A Counter-example to an integer analog to Caratheodory's Theorem

The construction

This tutorial describes the construction of a specific rational cone in six dimensions which is due to:

  • Bruns, Winfried; Gubeladze, Joseph; Henk, Martin; Martin, Alexander; Weismantel, Robert: A counterexample to an integer analogue of Carathéodory's theorem. J. Reine Angew. Math. 510 (1999), 179-185.

The rows of this matrix describe a cone C:

polytope > $M = new Matrix<Rational>([[0,1,0,0,0,0],
polytope (2)> [0,0,1,0,0,0],
polytope (3)> [0,0,0,1,0,0],
polytope (4)> [0,0,0,0,1,0],
polytope (5)> [0,0,0,0,0,1],
polytope (6)> [1,0,2,1,1,2],
polytope (7)> [1,2,0,2,1,1],
polytope (8)> [1,1,2,0,2,1],
polytope (9)> [1,1,1,2,0,2],
polytope (10)> [1,2,1,1,2,0]]);
polytope > $C=new Polytope<Rational>(POINTS=>$M);

From

polytope > print $C->HILBERT_BASIS;
0 0 0 0 0 1
0 0 0 0 1 0
0 0 0 1 0 0
0 0 1 0 0 0
1 0 2 1 1 2
0 1 0 0 0 0
1 1 1 2 0 2
1 1 2 0 2 1
1 2 0 2 1 1
1 2 1 1 2 0

one can see that the given generators of C form a Hilbert basis.

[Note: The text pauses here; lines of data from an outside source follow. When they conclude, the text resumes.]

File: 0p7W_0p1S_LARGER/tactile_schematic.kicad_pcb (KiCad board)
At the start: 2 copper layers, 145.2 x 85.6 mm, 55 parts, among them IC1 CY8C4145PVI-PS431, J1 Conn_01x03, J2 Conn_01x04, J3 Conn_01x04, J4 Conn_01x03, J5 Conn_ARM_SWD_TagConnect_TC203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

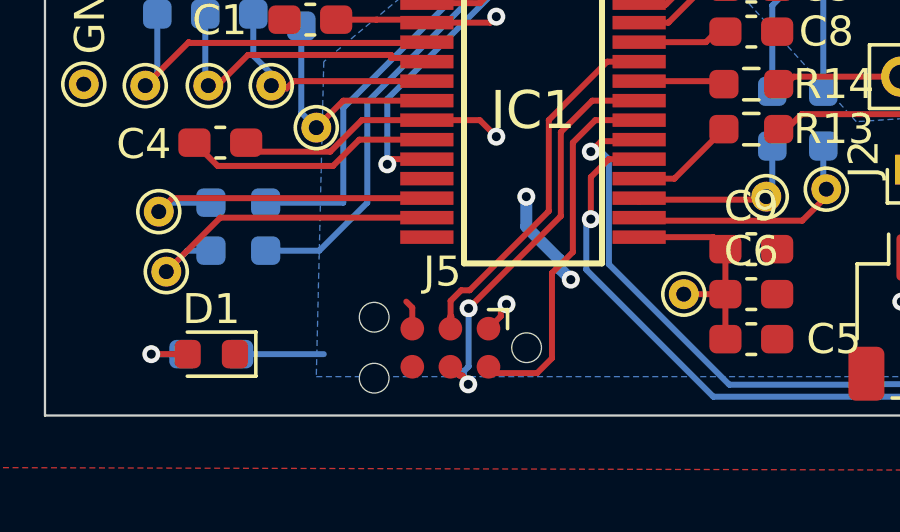
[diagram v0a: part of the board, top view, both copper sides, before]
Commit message: move prog connector up, make bottom of gnd plane connected propelrly
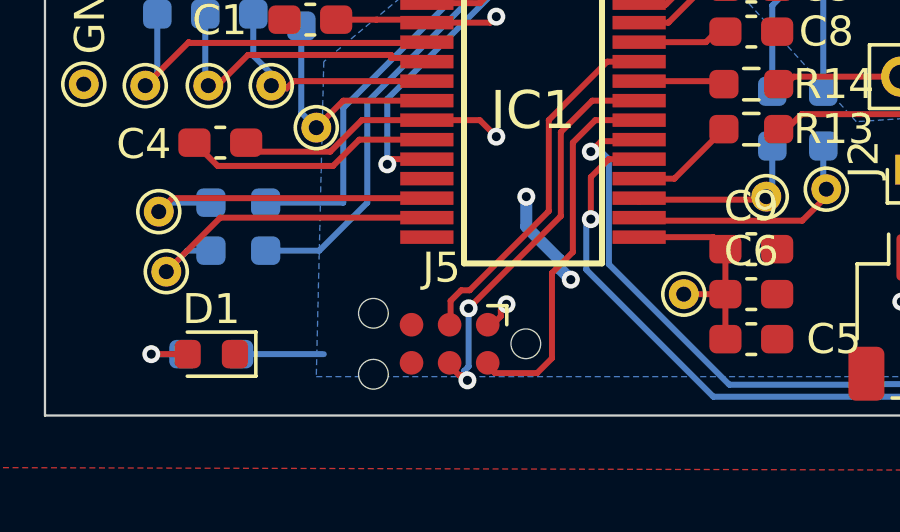
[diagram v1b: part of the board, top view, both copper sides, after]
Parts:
- moved J5 0.13 mm to (111.5, 126.9)
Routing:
- net GND: track 25.4 -> 24.4 mm
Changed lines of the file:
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@@
 	(footprint "Connector:Tag-Connect_TC2030-IDC-NL_2x03_P1.27mm_Vertical"
 		(layer "F.Cu")
-		(at 111.545603 127.031125 180)
+		(at 111.52 126.9 180)
 		(descr "Tag-Connect programming header; http://www.tag-connect.com/Materials/TC2030-IDC-NL.pdf")
 		(tags "tag connect programming header pogo pins")
@@
 			(polygon
 				(pts
-					(xy 110.275603 127.666125) (xy 112.815603 127.666125) (xy 112.815603 126.396125) (xy 110.275603 126.396125)
+					(xy 110.25 127.535) (xy 112.79 127.535) (xy 112.79 126.265) (xy 110.25 126.265)
 				)
 			)
@@
 	)
 	(segment
-		(start 110.275603 125.696125)
-		(end 110.075603 125.496125)
-		(width 0.2)
-		(layer "F.Cu")
-		(net 2)
-	)
-	(segment
 		(start 108.508389 120.096125)
 		(end 107.632389 120.972125)
@@
 		(net 2)
 	)
-	(segment
-		(start 110.275603 126.396125)
-		(end 110.275603 125.696125)
-		(width 0.2)
-		(layer "F.Cu")
-		(net 2)
-	)
 	(via
 		(at 114.075603 121.996125)
@@
 	)
 	(segment
+		(start 112.030092 128.035473)
+		(end 112.019289 128.035473)
+		(width 0.2)
+		(layer "F.Cu")
+		(net 22)
+	)
+	(segment
 		(start 111.844885 127.95772)
 		(end 111.55329 127.666125)
@@
 	)
 	(segment
-		(start 111.941536 127.95772)
-		(end 111.844885 127.95772)
+		(start 112.019289 128.035473)
+		(end 111.941536 127.95772)
 		(width 0.2)
 		(layer "F.Cu")
@@
 	)
 	(segment
-		(start 115.226603 119.845125)
-		(end 116.275603 118.796125)
+		(start 111.55329 127.666125)
+		(end 111.545603 127.666125)
 		(width 0.2)
 		(layer "F.Cu")
@@
 	)
 	(segment
-		(start 115.226603 122.645125)
-		(end 115.226603 119.845125)
+		(start 115.226603 119.845125)
+		(end 116.275603 118.796125)
 		(width 0.2)
 		(layer "F.Cu")
@@
 	)
 	(segment
-		(start 111.55329 127.666125)
-		(end 111.545603 127.666125)
+		(start 115.226603 122.645125)
+		(end 115.226603 119.845125)
 		(width 0.2)
 		(layer "F.Cu")
@@
 	)
 	(segment
-		(start 112.140433 128.156617)
-		(end 111.941536 127.95772)
+		(start 112.11278 128.118161)
+		(end 112.030092 128.035473)
 		(width 0.2)
 		(layer "F.Cu")
@@
 	)
 	(segment
-		(start 112.140433 128.251659)
-		(end 112.140433 128.156617)
+		(start 111.941536 127.95772)
+		(end 111.844885 127.95772)
 		(width 0.2)
 		(layer "F.Cu")
@@
 	)
 	(via
-		(at 112.140433 128.251659)
+		(at 112.11278 128.118161)
 		(size 0.6)
 		(drill 0.3)
@@
 	)
 	(segment
-		(start 112.140433 128.133651)
+		(start 112.042255 128.035473)
 		(end 112 127.993218)
 		(width 0.2)
@@
 	)
 	(segment
-		(start 112 127.993218)
-		(end 112 127.81101)
+		(start 112.042255 128.047636)
+		(end 112.042255 128.035473)
 		(width 0.2)
 		(layer "B.Cu")
@@
 	)
 	(segment
-		(start 112.152973 127.658037)
-		(end 112.152973 125.718755)
+		(start 112 127.81101)
+		(end 112.152973 127.658037)
 		(width 0.2)
 		(layer "B.Cu")
@@
 	)
 	(segment
-		(start 112.140433 128.251659)
-		(end 112.140433 128.133651)
+		(start 112.11278 128.118161)
+		(end 112.042255 128.047636)
 		(width 0.2)
 		(layer "B.Cu")
@@
 	)
 	(segment
-		(start 112 127.81101)
-		(end 112.152973 127.658037)
+		(start 112.152973 127.658037)
+		(end 112.152973 125.718755)
+		(width 0.2)
+		(layer "B.Cu")
+		(net 22)
+	)
+	(segment
+		(start 112 127.993218)
+		(end 112 127.81101)
 		(width 0.2)
 		(layer "B.Cu")
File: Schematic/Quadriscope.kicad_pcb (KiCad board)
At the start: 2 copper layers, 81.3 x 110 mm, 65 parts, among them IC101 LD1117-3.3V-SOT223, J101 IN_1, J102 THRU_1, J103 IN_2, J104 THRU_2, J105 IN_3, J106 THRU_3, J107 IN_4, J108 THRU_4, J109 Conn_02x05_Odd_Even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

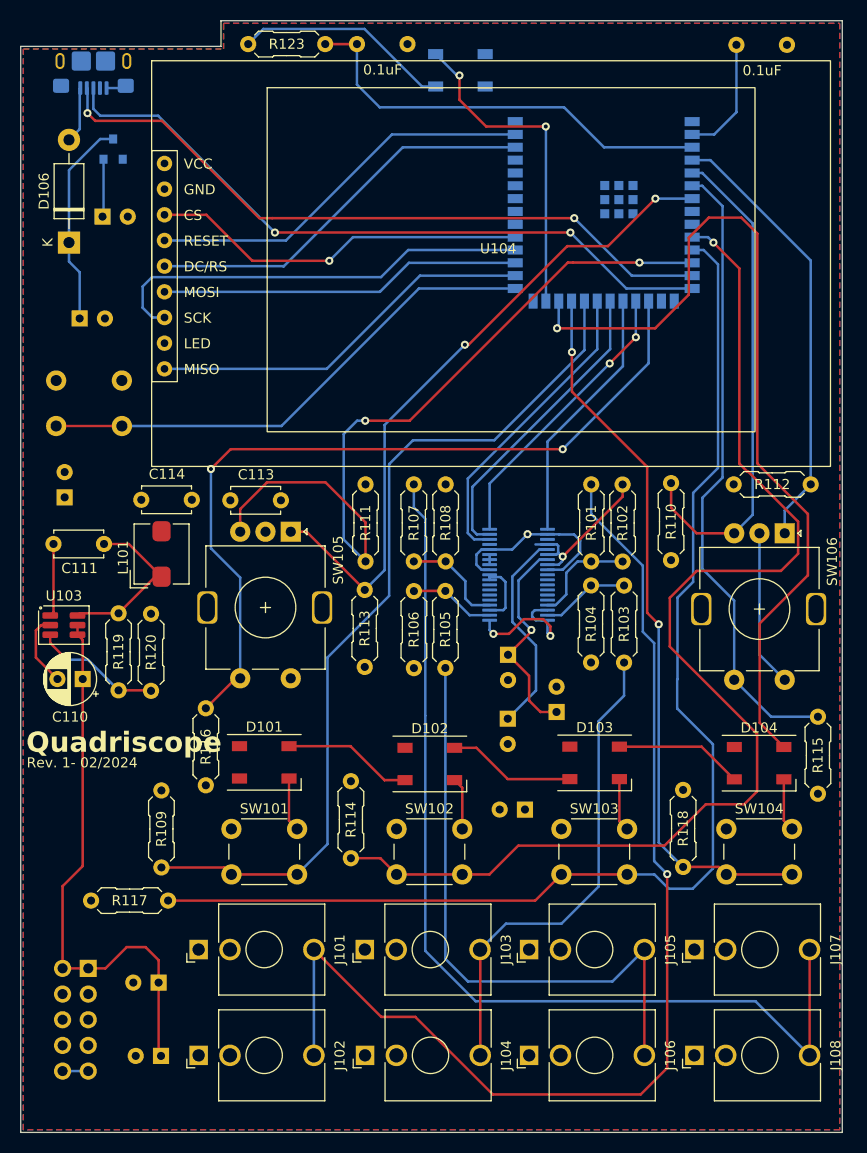
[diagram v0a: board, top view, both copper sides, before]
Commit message: new board file, interrupt stuff
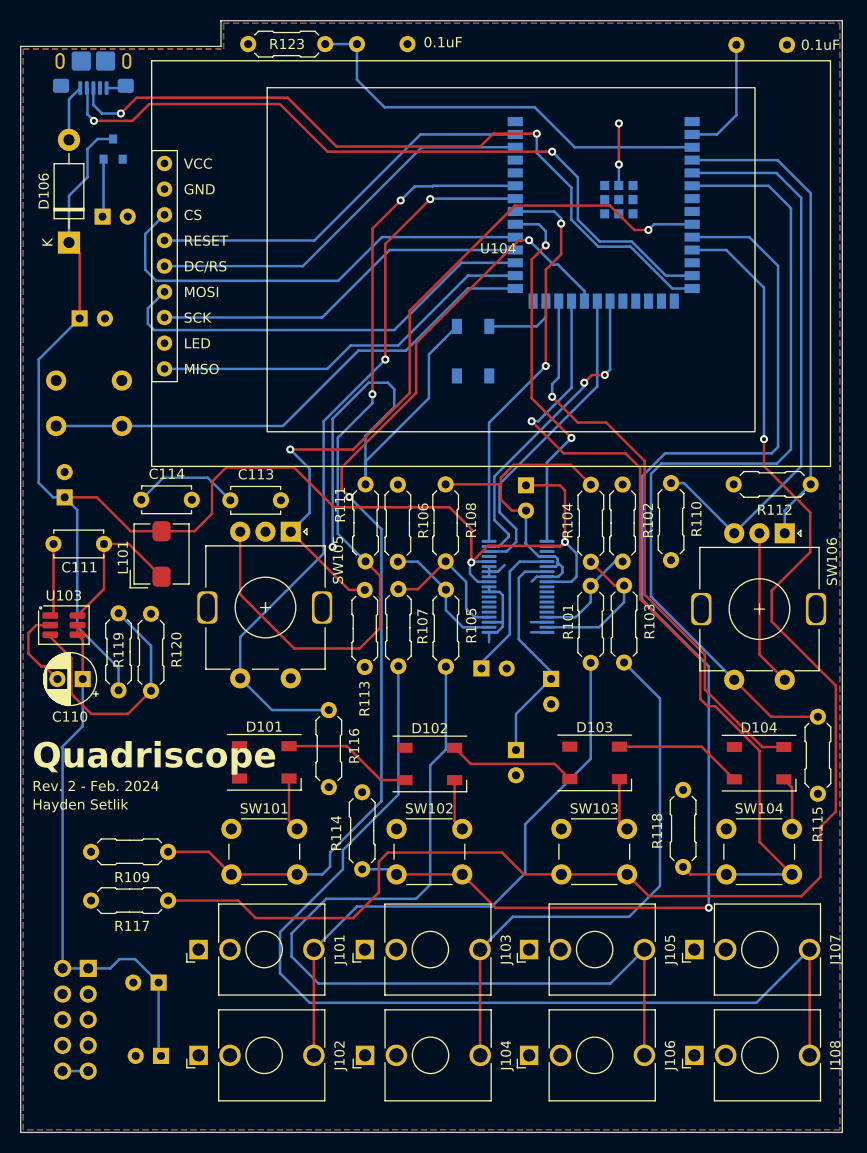
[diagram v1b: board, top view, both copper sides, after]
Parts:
- R119: value 51k -> 89k
- moved C101 32.1 mm to (50.0, -64.0), turned to -90 degrees
- moved D105 27.8 mm to (44.8, -77.3), turned to 90 degrees
- moved R107 18.0 mm to (37.4, -46.1), turned to 90 degrees
- moved R101 17.7 mm to (56.4, -46.5), turned to 90 degrees
- moved R116 12.2 mm to (30.5, -34.2)
- moved C107 9.45 mm to (49.0, -37.8)
- moved R109 9.24 mm to (6.96, -27.8), turned to 0 degrees
- moved C102 5.61 mm to (45.6, -45.9), turned to 0 degrees
- moved C106 3.32 mm to (52.5, -44.9), turned to -90 degrees
- moved R106 3.31 mm to (37.3, -56.5), turned to 90 degrees
- moved R104 2.34 mm to (56.4, -56.5), turned to 90 degrees
- moved R114 1.56 mm to (33.8, -33.7)
- moved U102 1.19 mm to (49.2, -54.0)
- moved R105 0.14 mm to (42.1, -46.1)
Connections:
- C101 pad 1: +3.3V -> +5V
- C112 pad 1: +3.3V -> +5V
- L101 pad 2: +3.3V -> +5V
- R119 pad 1: Net-(U103-SW) -> Net-(U103-FB)
- R119 pad 2: Net-(U103-FB) -> +5V
- U101 pad 12: ENCB_R -> unconnected-(U101-GPIO8/TOUCH8/ADC1_CH7/SUBSPICS1-Pad12)
- U101 pad 17: ENCB_B -> unconnected-(U101-GPIO9/TOUCH9/ADC1_CH8/FSPIHD/SUBSPIHD-Pad17)
- U101 pad 18: ADC_CS -> unconnected-(U101-GPIO10/TOUCH10/ADC1_CH9/FSPICS0/FSPIIO4/SUBSPICS0-Pad18)
- U101 pad 19: ADC_MOSI -> unconnected-(U101-GPIO11/TOUCH11/ADC2_CH0/FSPID/FSPIIO5/SUBSPID-Pad19)
- U101 pad 32: unconnected-(U101-MTCK/GPIO39/CLK_OUT3/SUBSPICS1-Pad32) -> ADC_MOSI
- U101 pad 33: unconnected-(U101-MTDO/GPIO40/CLK_OUT2-Pad33) -> ADC_CS
- U101 pad 34: unconnected-(U101-MTDI/GPIO41/CLK_OUT1-Pad34) -> ENCB_B
- U101 pad 35: unconnected-(U101-MTMS/GPIO42-Pad35) -> ENCB_R
- U101 pad 7: ENCB_L -> unconnected-(U101-GPIO7/TOUCH7/ADC1_CH6-Pad7)
- U101 pad 9: unconnected-(U101-GPIO16/U0CTS/ADC2_CH5/XTAL_32K_N-Pad9) -> ENCB_L
- U102 pad 2: +3.3V -> +5V
- U102 pad 30: +3.3V -> +5V
- U102 pad 34: +3.3V -> +5V
- U102 pad 9: +3.3V -> +5V
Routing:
- net +5V: track 20.8 -> 148.7 mm, vias 0 -> 2
- net Net-(J101-PadT): track 113.3 -> 58.0 mm, vias 1 -> 0
- net PIXELS: track 86.9 -> 56.8 mm
- net Net-(J105-PadT): track 61.2 -> 88.1 mm
- net Net-(D105-DOUT): track 32.6 -> 7.56 mm, vias 2 -> 0
- net C3: track 122.4 -> 146.0 mm, vias 0 -> 1
- net +3.3V: track 58.2 -> 79.0 mm
- net ENCA_B: track 62.6 -> 83.0 mm
- net GND: track 84.3 -> 102.6 mm, vias 3 -> 2
- net C1: track 86.9 -> 99.8 mm, vias 0 -> 2
- net C4: track 71.6 -> 84.5 mm, vias 2 -> 1
- net Net-(U103-FB): track 12.8 -> 25.4 mm, vias 1 -> 0
- net ADC_MOSI: track 25.7 -> 37.2 mm, vias 0 -> 2
- net ADC_CS: track 28.6 -> 39.7 mm
- net ENCB_L: track 66.5 -> 75.1 mm
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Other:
- board text added: "Hayden Setlik"
- board text added: "Rev. 2 - Feb. 2024"
- board text removed: "Rev. 1- 02/2024"

Now we consider one particular point x. The output of the second command (all coefficients positive) shows that x is contained in the interior of C.

polytope > $x=new Vector<Rational>([9,13,13,13,13,13]);
polytope > print $C->FACETS * $x;
8 15 19/2 19/2 17 13 17 13 9 13 13 17 8 19/2 13 17 15 19/2 15 15 19/2 17 11 15 8 8 8

The following loop iterates over all invertible 6×6 submatrices of M and computes the unique representation of x as a linear combination of the rows of the submatrix. The output (suppressed as it is too long) shows that each such linear combination requires at least one negative or one non-integral coefficient.

> foreach (all_subsets_of_k(6,0..9)) {
>   $B = $M->minor($_,All);
>   if (det($B)) {
>     print lin_solve(transpose($B),$x), "\n";
>   }
> }

This means that x cannot be represented as a non-negative linear combination of any six of the given generators of C.

Analyzing the combinatorics

The following is taken from

  • Michael Joswig, Benjamin Müller, and Andreas Paffenholz: polymake and lattice polytopes. In Christian Krattenthaler, Volker Strehl and Manuel Kauers (eds.), Proceedings of the 21th International Conference on Formal Power Series and Algebraic Combinatoric, Hagenberg, Austria, 2009, pp. 493-504.
polytope > print $C->N_VERTICES, " ", $C->DIM;
polytope > print rows_labeled($C->VERTICES_IN_FACETS);

There are two disjoint facets covering all the vertices. Beware the numbering of facets depends on the convex hull algorithm employed.

polytope > print $C->VERTICES_IN_FACETS->[8];
polytope > print $C->VERTICES_IN_FACETS->[22];
polytope > print rows_labeled($M);

Here is another polytope which is somewhat similar but not quite the same.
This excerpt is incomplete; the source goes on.